While its Oxford Road site is renovated, the ever-innovative Contact theatre is staging productions at partner venues. Hence this co-production with Ockham’s Razor, one of the leaders of British Circus Theatre, takes place in the massive, yet enormously underused, Upper Campfield Market Hall.

With its height and space, it’s an ideal choice for an aerial theatre show, with a thrilling sense of intimacy lent to proceedings by having the audience seated circus-style around a stage marked out by a series of metallic beams stretching to the lofty ceiling.

The double-bill opens with Switch, an admirably inventive piece devised by nine young performers along with Charlotte Mooney and Tina Koch, the artistic directors of Ockham’s Razor. To a live soundtrack composed and played by Bellatrix, the nine dancers, using wooden staffs, switch back and forth from threatening martial art moves to more playful activities, with the youthful cast demonstrating impressive technique and enthusiasm. Although the piece is quite capable of standing alone, its cleverness becomes more apparent once the audience has subsequently seen Tipping Point.

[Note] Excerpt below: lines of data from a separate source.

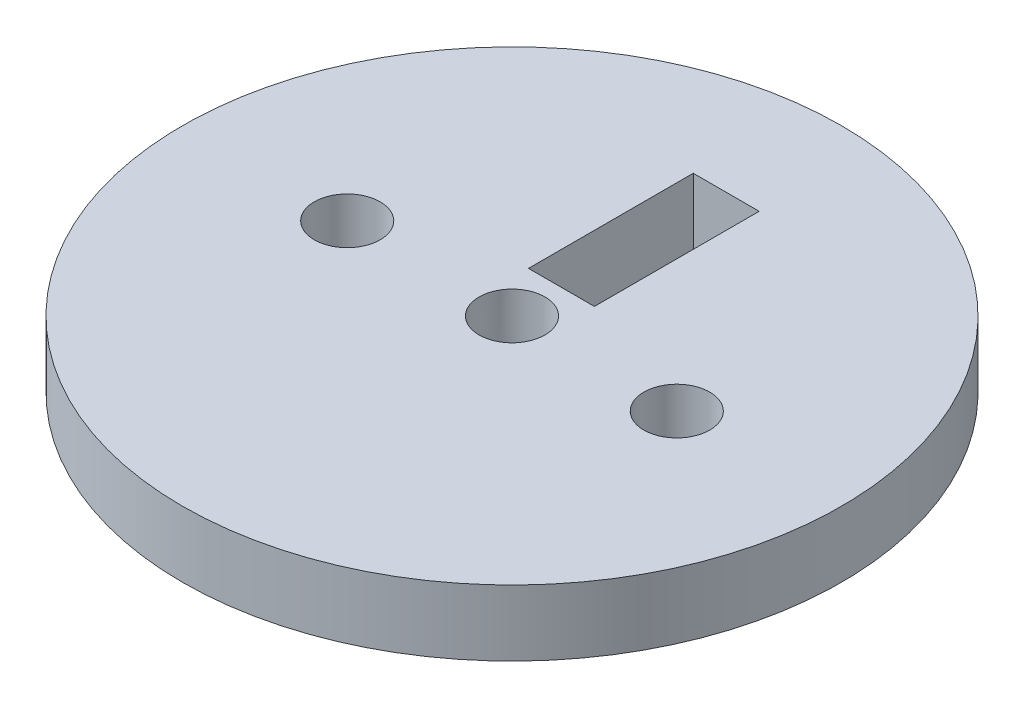
from build123d import *

# Parameters (mm, degrees)
SKETCH1_R           = 10
BOSS_EXTRUDE1_DEPTH = 2
SKETCH2_R           = 1
SKETCH2_W           = 2
SKETCH2_H           = 5
CUT_EXTRUDE1_DEPTH  = 2
SKETCH3_R           = 3.2
CUT_EXTRUDE2_DEPTH  = 0.2


with BuildPart() as part:
    # Sketch1 → Boss-Extrude1 (new body)
    with BuildSketch(Plane(origin=(0, 0, 0), x_dir=(1, 0, 0), z_dir=(0, 1, 0))):
        with Locations(Location((0, 0, 0), (0, 0, 270))):
            Circle(SKETCH1_R)
    extrude(amount=BOSS_EXTRUDE1_DEPTH)

    # Sketch2 → Cut-Extrude1 (cut)
    with BuildSketch(Plane(origin=(0, 2, 0), x_dir=(1, 0, 0), z_dir=(0, 1, 0))):
        with Locations(Location((0, 0, 0), (0, 0, 270))):
            Circle(SKETCH2_R)
        with Locations(Location((5, 0, 0), (0, 0, 270))):
            Circle(SKETCH2_R)
        with Locations(Location((-5, 0, 0), (0, 0, 90))):
            Circle(SKETCH2_R)
        with Locations((0, 4)):
            Rectangle(SKETCH2_W, SKETCH2_H)
    extrude(amount=-CUT_EXTRUDE1_DEPTH, mode=Mode.SUBTRACT)

    # Sketch3 → Cut-Extrude2 (cut)
    with BuildSketch(Plane.XZ):
        Circle(SKETCH3_R)
    extrude(amount=-CUT_EXTRUDE2_DEPTH, mode=Mode.SUBTRACT)


solid = part.part

Tipping Point - Image by MarkDawsonPhotographyDevised and performed by Sadiq Ali, Alex Harvey, Emily Nicholl, Telma Pinto and Steve Ryan – and again directed by Mooney and Koch – Tipping Point is an exhilarating, touching, playful and often funny show in which the impressive aerial acrobatics are used to explore issues of trust and betrayal, with a hint of sexual politics.

It’s thrilling and nerve-racking to watch, with the many and various acrobatic moments structured as a series of challenges between the performers. Although humour is skilfully mixed with the danger, it’s increasingly apparent that, skilled as the five aerialists may be, they each depend on the help, support and, yes, love of their colleagues to achieve their impressive feats.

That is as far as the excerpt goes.